[Provided records — start]

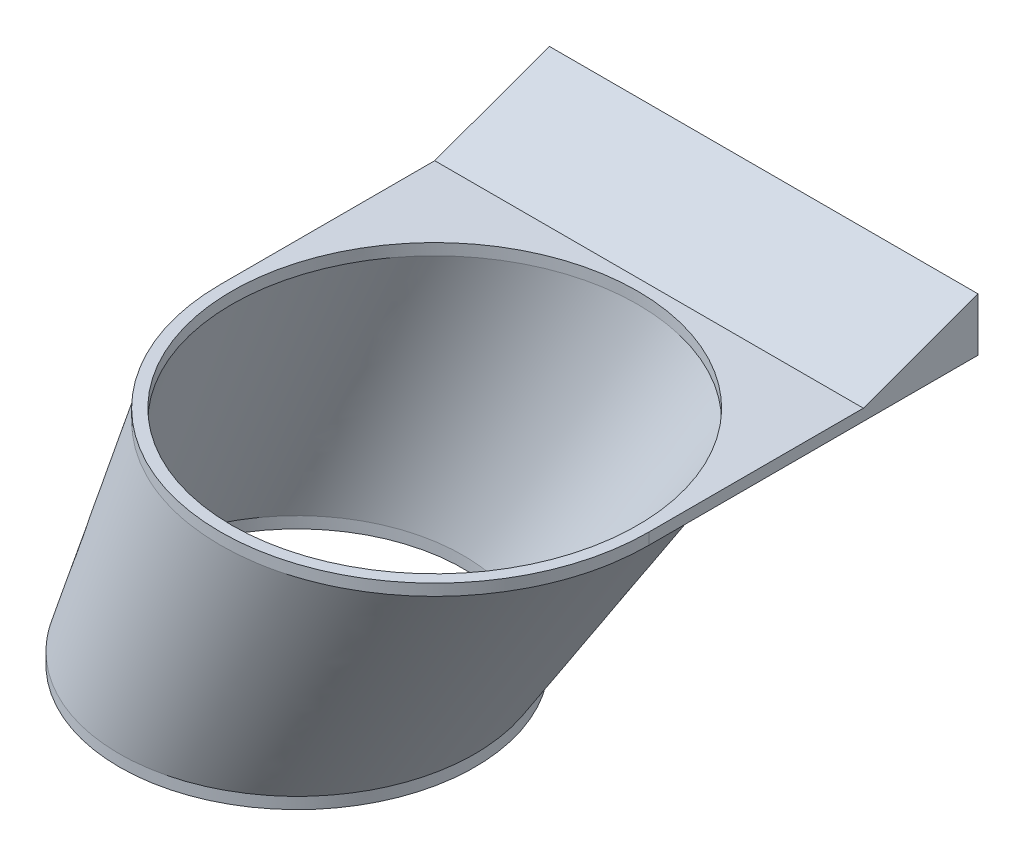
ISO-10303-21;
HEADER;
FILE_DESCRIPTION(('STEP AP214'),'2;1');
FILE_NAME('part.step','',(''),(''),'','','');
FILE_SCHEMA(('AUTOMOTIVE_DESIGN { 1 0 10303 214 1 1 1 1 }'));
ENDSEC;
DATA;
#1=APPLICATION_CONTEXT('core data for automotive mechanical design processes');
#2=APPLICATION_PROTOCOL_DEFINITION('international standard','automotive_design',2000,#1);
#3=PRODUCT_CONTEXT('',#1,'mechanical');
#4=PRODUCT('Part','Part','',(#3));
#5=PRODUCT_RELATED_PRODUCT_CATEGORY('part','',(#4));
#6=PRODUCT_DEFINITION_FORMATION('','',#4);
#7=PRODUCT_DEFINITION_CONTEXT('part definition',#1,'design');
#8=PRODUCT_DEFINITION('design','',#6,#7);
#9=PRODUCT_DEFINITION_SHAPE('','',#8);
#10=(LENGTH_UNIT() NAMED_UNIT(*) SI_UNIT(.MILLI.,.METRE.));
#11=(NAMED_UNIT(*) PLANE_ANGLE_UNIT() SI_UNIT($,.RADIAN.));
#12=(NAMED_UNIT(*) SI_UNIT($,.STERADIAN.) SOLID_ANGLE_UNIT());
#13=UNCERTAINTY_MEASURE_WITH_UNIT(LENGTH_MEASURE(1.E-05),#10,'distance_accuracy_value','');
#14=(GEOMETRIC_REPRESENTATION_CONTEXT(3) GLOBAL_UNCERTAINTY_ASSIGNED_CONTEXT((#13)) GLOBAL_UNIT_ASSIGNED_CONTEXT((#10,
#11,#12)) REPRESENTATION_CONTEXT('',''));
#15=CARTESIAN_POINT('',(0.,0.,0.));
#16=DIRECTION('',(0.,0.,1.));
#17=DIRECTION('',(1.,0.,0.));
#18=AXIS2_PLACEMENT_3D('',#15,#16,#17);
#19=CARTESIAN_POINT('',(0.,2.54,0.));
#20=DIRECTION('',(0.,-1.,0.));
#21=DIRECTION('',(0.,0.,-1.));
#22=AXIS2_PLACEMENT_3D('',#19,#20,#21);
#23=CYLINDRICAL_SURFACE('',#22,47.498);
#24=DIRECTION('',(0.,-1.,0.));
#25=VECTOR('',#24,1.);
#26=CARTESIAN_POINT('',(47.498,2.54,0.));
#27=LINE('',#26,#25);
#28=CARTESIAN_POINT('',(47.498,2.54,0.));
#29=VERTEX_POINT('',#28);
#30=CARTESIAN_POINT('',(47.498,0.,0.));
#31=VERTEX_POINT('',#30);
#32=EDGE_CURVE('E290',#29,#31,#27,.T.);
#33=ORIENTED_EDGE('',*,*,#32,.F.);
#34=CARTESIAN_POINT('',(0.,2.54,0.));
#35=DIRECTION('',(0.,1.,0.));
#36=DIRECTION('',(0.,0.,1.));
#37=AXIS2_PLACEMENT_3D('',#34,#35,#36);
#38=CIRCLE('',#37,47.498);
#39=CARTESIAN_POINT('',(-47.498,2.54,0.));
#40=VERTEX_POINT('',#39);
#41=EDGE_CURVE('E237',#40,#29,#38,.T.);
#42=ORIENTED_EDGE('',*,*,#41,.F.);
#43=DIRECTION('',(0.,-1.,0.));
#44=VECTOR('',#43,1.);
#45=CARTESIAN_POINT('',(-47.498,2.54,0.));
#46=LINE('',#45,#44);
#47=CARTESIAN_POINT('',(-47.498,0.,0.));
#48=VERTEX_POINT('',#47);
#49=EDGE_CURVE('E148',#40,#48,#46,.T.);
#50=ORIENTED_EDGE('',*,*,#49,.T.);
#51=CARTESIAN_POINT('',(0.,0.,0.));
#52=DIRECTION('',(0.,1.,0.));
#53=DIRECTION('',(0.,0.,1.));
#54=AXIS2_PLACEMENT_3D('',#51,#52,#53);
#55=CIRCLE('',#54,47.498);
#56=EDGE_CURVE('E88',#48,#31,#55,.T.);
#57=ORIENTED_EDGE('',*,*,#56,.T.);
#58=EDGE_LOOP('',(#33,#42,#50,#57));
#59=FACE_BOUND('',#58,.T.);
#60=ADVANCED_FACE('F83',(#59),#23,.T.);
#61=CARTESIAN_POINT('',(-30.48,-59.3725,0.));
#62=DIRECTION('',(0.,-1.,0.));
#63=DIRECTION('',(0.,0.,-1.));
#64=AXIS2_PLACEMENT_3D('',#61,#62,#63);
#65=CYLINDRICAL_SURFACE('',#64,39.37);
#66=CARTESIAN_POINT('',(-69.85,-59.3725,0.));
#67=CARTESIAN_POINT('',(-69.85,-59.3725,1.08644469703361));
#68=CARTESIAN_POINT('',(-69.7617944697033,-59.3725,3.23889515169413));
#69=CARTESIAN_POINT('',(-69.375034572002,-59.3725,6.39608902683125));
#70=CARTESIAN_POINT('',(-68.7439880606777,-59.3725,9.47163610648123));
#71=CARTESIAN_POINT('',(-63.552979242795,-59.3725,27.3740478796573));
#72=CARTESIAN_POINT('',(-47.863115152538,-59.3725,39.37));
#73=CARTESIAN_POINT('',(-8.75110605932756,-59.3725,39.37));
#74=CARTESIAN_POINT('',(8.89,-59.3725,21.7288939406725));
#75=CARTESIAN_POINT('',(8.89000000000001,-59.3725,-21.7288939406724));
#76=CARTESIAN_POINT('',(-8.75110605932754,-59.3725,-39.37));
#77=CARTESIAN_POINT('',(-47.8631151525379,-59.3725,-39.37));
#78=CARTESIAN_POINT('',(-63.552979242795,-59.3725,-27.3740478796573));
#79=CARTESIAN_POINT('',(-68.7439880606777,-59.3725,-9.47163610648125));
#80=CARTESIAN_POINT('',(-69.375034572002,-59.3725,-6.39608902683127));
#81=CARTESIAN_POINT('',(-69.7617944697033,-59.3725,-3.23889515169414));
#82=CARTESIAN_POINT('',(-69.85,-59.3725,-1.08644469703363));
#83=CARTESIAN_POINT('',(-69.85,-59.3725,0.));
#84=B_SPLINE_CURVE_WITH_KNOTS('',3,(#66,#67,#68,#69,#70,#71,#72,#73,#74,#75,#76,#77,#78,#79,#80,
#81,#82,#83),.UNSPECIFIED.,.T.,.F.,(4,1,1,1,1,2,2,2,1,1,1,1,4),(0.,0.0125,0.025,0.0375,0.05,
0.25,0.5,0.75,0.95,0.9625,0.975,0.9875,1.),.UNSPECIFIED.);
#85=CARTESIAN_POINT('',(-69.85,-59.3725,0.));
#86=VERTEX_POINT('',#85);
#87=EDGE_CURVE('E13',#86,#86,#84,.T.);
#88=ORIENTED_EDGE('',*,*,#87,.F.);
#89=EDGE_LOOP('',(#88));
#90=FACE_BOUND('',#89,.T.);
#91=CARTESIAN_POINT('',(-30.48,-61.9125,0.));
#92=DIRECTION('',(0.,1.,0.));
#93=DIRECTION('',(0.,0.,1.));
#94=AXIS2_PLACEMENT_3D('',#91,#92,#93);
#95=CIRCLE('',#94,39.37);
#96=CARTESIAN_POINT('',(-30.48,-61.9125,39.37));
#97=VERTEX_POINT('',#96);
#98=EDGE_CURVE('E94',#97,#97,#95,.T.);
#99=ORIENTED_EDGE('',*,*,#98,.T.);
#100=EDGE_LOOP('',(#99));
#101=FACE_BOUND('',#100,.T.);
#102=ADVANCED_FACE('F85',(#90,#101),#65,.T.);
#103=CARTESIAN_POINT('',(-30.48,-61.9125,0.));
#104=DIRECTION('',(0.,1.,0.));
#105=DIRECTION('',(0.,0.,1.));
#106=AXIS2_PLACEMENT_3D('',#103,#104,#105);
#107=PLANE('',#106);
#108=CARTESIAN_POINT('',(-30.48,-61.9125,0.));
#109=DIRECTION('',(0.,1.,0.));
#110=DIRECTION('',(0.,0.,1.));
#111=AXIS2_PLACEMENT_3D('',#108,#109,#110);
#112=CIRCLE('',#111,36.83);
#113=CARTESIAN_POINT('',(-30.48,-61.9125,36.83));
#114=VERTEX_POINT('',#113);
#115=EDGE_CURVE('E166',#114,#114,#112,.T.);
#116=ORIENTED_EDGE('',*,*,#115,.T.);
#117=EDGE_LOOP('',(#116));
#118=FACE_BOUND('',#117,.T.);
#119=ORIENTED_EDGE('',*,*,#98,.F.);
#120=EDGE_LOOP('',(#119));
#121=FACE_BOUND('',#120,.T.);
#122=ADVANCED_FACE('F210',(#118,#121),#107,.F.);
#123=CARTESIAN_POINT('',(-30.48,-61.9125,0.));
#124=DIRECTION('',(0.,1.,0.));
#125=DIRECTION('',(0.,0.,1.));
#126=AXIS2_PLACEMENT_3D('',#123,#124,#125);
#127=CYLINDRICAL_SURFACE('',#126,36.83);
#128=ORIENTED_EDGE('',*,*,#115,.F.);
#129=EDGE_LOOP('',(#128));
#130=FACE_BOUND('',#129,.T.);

[Provided records — finish]

- Assignment: With the data above as the source, tally the lines that include the string "mechanical", and give that figure alone.

- Finished task: 2